Below are several records. Retype exactly those lines running from the one with "#60=ORIENTED_EDGE('',*,*,#59,.F.);" through the one with "#70=EDGE_CURVE('E250',#69,#69,#67,.T.);", end lines included, and no others.

Given data:
══════
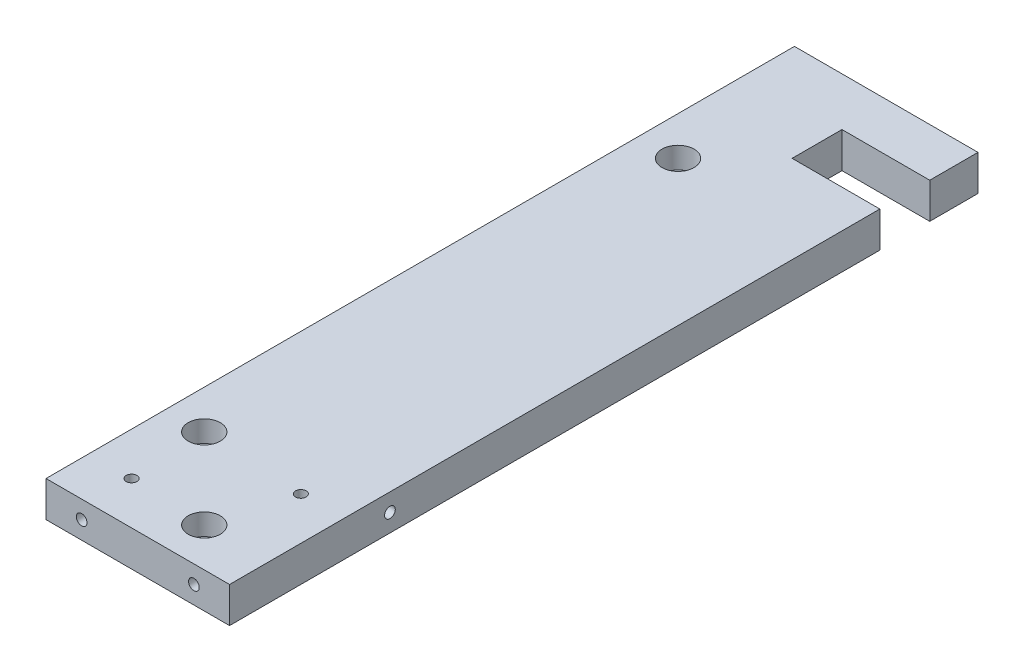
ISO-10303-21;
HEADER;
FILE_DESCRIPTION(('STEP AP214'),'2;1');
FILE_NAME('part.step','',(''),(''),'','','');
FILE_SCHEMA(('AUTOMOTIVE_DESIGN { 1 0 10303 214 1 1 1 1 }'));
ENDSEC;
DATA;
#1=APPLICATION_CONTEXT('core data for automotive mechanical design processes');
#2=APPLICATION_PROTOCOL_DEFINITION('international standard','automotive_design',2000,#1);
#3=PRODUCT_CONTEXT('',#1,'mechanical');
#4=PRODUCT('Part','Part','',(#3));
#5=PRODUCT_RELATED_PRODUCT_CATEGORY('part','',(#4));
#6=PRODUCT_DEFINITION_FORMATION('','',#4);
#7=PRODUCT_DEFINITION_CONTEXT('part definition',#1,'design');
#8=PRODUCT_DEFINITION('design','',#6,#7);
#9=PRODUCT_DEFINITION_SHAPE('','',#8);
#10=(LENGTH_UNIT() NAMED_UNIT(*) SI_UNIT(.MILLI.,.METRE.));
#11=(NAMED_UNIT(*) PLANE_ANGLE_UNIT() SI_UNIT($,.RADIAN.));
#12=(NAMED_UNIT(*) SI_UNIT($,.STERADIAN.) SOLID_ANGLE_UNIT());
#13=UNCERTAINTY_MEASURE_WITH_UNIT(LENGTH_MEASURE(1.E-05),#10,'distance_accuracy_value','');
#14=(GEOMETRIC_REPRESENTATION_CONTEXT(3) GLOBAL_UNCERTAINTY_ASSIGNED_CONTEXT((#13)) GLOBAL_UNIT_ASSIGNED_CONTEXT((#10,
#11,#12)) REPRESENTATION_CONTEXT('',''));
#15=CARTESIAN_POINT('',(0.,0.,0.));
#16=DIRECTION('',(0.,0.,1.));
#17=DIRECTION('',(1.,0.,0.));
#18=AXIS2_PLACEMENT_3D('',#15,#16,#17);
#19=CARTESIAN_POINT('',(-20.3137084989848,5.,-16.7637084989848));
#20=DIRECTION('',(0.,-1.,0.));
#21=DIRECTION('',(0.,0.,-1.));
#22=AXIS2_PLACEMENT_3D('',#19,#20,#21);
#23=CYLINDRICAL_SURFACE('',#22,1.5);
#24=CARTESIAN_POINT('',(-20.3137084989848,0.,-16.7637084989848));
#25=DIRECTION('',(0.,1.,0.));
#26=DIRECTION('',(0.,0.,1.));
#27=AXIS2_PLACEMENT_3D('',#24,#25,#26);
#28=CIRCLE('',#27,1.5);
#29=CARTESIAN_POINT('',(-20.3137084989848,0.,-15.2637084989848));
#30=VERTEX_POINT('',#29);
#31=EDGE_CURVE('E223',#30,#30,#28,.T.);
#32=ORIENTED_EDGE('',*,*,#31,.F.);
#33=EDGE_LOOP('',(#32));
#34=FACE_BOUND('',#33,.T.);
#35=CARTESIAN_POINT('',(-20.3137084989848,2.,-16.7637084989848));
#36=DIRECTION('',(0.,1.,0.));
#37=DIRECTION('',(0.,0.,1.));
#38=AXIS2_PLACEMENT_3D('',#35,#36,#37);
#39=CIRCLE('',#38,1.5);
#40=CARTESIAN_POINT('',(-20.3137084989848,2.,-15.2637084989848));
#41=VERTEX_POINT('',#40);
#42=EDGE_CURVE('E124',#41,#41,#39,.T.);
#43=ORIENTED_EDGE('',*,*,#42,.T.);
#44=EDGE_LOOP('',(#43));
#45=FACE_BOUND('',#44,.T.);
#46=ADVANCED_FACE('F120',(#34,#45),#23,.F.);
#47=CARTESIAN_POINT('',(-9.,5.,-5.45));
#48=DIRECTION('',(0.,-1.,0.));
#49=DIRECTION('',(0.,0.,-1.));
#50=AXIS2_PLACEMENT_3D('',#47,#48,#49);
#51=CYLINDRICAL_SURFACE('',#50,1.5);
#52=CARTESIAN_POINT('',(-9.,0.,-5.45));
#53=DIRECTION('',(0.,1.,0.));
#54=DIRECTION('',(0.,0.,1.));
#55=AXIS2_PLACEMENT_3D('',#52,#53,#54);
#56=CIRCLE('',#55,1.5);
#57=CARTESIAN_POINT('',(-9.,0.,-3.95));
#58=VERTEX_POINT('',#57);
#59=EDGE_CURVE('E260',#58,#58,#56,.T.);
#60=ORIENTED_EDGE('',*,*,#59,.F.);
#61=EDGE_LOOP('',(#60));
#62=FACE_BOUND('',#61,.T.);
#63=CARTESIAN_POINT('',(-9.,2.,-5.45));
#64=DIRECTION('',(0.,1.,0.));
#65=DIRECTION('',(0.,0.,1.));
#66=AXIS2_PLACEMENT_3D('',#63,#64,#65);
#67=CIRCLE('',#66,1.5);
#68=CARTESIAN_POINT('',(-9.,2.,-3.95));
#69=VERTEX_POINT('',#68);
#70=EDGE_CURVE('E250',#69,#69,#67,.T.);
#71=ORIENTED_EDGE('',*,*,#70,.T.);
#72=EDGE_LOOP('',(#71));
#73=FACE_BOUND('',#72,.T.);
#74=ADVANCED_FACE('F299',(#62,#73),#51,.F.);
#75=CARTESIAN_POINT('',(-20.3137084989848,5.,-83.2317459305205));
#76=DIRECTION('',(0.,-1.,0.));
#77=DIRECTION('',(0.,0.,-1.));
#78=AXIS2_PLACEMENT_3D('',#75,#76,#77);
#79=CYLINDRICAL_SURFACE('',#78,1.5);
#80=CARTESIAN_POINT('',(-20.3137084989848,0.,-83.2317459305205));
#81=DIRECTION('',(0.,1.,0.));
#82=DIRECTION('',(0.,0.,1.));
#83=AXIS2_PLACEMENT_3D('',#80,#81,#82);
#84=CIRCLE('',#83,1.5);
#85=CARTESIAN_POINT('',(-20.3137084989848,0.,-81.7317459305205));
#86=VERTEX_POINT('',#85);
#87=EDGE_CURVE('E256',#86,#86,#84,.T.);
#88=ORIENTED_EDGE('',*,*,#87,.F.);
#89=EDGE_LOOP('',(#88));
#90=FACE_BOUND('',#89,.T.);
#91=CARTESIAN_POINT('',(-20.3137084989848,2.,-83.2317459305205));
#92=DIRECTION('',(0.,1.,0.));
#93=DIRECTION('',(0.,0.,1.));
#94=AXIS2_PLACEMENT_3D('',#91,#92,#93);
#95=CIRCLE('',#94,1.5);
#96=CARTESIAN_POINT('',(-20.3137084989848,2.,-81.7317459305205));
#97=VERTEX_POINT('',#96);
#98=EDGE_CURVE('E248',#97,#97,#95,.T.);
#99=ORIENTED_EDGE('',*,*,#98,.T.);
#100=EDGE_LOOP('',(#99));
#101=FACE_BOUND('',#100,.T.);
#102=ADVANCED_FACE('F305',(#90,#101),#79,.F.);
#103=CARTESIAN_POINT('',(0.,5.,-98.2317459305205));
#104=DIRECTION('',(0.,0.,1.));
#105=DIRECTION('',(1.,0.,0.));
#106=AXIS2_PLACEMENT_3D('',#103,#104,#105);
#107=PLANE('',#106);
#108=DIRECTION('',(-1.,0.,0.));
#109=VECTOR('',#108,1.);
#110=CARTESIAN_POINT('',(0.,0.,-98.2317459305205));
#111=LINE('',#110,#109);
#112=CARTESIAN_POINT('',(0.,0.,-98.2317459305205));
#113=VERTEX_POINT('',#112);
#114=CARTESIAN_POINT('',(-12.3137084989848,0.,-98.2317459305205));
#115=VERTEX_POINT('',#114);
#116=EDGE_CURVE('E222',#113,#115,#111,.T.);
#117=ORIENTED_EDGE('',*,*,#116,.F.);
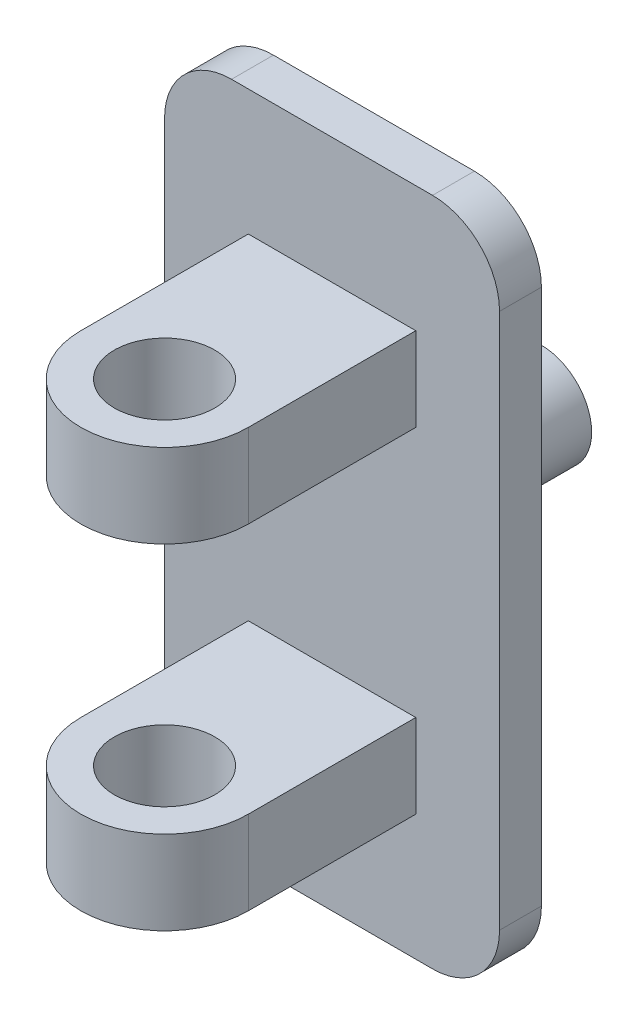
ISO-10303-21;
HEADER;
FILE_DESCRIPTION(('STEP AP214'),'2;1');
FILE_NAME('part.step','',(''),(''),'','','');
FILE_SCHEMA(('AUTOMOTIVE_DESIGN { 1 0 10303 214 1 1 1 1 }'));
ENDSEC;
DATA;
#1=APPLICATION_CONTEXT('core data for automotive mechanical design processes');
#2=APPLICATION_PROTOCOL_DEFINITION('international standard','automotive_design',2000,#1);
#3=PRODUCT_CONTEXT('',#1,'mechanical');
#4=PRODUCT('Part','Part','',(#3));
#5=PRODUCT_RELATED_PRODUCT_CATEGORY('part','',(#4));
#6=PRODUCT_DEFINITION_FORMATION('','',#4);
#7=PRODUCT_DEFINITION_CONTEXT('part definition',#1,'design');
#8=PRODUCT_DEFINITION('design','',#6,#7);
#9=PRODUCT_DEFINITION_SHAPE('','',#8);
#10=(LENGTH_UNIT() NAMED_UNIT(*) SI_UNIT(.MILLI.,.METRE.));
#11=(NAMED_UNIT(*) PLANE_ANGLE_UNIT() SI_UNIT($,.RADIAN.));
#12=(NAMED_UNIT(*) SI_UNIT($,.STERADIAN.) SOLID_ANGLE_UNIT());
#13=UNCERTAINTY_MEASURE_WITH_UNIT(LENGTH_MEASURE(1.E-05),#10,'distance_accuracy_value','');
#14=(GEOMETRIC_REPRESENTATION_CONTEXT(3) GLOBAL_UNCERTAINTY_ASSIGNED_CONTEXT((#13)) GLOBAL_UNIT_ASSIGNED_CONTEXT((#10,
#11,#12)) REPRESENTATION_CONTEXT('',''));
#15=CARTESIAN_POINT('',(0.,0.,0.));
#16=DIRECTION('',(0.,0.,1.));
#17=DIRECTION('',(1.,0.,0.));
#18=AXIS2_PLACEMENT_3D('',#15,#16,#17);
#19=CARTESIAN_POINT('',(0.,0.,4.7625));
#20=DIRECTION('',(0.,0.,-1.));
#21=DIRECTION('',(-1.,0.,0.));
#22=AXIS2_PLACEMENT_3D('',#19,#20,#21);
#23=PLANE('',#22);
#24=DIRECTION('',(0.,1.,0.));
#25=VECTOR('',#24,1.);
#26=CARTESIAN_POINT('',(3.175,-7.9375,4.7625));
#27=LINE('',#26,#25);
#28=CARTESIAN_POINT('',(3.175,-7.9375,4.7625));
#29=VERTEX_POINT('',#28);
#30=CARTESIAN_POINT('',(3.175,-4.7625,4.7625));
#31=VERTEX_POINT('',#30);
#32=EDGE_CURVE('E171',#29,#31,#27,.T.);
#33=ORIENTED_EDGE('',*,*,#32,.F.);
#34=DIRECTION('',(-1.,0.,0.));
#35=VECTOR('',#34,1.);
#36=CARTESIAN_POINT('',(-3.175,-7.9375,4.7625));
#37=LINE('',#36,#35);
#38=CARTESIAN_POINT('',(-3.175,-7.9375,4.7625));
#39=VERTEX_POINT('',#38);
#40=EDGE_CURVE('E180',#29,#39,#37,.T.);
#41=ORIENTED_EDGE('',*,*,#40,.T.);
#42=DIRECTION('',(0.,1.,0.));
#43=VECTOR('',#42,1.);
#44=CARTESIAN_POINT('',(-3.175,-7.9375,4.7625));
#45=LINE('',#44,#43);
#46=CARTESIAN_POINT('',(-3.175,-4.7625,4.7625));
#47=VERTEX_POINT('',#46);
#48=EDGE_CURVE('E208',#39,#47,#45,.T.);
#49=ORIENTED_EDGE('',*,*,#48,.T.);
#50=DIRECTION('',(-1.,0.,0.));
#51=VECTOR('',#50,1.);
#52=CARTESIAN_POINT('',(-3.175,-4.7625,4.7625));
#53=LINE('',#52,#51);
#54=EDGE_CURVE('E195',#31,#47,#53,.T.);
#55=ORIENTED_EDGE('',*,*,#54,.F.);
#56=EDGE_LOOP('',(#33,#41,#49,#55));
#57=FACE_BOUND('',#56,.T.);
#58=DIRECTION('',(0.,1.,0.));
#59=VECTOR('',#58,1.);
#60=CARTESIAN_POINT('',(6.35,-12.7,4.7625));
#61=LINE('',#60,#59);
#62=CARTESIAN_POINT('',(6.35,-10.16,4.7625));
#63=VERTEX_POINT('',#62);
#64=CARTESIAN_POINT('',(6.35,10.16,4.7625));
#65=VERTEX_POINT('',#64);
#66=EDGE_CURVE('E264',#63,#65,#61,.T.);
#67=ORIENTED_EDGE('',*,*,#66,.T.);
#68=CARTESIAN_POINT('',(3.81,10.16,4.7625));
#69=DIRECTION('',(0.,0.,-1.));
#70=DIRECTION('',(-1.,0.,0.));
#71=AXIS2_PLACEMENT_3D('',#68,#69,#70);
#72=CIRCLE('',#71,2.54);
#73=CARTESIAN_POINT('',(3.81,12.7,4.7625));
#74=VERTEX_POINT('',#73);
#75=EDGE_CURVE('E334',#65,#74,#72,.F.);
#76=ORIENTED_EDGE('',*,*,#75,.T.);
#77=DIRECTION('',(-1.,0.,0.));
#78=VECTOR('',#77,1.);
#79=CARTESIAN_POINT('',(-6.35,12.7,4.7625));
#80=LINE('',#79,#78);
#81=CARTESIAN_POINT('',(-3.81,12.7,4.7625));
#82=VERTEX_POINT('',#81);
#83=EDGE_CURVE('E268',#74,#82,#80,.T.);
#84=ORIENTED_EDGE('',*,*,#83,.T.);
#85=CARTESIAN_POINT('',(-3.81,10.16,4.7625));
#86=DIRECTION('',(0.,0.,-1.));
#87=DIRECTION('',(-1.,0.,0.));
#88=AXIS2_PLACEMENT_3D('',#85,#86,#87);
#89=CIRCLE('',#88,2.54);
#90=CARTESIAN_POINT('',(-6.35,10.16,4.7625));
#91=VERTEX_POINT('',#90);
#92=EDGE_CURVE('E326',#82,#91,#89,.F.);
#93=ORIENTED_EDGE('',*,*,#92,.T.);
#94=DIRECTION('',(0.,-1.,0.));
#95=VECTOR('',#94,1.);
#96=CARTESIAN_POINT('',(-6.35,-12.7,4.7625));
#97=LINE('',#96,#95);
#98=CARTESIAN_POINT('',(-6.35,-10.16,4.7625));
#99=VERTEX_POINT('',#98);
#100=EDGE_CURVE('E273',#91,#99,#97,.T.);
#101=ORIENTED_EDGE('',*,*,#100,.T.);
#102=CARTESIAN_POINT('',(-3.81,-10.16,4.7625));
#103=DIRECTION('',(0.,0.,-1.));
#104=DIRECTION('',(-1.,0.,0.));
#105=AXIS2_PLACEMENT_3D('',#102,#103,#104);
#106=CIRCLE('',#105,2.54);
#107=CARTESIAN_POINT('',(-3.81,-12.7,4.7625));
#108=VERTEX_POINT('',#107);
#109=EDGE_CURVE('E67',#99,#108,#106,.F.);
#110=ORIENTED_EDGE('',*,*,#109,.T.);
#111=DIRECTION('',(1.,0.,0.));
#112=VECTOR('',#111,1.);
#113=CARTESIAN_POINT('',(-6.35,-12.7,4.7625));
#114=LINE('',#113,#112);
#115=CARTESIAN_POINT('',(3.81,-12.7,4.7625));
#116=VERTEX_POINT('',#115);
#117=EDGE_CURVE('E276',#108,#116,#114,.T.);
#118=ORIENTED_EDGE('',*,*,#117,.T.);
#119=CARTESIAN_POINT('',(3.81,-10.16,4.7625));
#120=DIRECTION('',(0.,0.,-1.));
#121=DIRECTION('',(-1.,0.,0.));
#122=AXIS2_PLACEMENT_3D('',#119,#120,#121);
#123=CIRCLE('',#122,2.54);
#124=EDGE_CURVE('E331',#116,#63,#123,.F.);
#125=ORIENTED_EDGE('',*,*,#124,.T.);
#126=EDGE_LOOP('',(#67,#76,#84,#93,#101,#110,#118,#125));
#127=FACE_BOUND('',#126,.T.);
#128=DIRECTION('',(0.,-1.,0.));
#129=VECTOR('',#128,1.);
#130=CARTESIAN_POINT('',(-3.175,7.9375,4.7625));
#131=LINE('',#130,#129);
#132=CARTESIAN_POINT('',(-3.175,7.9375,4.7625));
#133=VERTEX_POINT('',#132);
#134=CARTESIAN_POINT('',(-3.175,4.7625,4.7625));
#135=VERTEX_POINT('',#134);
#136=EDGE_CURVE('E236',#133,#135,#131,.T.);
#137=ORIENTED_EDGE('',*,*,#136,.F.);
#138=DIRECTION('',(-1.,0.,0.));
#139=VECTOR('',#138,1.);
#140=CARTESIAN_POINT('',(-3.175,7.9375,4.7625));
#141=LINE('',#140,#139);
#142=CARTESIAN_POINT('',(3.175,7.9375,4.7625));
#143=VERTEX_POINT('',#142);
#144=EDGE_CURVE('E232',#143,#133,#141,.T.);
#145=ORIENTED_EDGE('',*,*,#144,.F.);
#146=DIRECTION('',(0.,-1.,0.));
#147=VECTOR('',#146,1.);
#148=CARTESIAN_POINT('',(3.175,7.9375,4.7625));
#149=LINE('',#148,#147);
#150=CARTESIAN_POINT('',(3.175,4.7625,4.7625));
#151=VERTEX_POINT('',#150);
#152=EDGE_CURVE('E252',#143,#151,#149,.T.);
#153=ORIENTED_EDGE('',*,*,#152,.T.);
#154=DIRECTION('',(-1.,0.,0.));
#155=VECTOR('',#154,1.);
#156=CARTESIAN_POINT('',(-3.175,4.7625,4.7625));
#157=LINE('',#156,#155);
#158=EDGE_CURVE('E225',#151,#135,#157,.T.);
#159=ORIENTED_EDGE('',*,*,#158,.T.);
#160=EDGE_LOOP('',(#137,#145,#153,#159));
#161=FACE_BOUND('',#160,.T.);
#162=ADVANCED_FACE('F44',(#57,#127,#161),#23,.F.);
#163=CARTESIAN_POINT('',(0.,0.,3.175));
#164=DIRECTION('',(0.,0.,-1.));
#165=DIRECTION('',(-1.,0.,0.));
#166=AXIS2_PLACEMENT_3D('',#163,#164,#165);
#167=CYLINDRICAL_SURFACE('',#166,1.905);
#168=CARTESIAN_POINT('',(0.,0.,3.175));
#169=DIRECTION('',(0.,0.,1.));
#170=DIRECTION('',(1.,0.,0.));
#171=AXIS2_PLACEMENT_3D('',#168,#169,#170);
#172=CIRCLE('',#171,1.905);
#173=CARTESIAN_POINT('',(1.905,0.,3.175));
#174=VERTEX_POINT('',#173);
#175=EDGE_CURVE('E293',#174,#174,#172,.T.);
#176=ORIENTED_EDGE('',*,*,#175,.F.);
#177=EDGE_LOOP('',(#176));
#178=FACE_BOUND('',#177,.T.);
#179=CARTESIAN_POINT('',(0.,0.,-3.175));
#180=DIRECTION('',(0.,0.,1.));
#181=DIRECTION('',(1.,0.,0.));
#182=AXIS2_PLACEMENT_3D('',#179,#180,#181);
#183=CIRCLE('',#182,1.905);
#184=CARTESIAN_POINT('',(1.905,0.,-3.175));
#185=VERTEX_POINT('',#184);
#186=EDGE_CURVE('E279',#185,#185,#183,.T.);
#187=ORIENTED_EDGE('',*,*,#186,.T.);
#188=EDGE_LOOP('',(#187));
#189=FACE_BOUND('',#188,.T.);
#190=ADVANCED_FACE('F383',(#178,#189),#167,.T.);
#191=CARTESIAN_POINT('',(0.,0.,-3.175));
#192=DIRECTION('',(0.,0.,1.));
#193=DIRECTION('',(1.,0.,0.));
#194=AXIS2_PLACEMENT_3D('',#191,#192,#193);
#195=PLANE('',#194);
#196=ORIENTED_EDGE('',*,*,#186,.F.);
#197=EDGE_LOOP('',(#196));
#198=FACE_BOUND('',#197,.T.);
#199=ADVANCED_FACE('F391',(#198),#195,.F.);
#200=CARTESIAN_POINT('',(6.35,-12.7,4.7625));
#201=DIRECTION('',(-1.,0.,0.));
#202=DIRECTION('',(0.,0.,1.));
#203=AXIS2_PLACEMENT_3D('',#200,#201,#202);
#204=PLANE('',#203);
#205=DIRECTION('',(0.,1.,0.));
══════
Task answer:
#60=ORIENTED_EDGE('',*,*,#59,.F.);
#61=EDGE_LOOP('',(#60));
#62=FACE_BOUND('',#61,.T.);
#63=CARTESIAN_POINT('',(-9.,2.,-5.45));
#64=DIRECTION('',(0.,1.,0.));
#65=DIRECTION('',(0.,0.,1.));
#66=AXIS2_PLACEMENT_3D('',#63,#64,#65);
#67=CIRCLE('',#66,1.5);
#68=CARTESIAN_POINT('',(-9.,2.,-3.95));
#69=VERTEX_POINT('',#68);
#70=EDGE_CURVE('E250',#69,#69,#67,.T.);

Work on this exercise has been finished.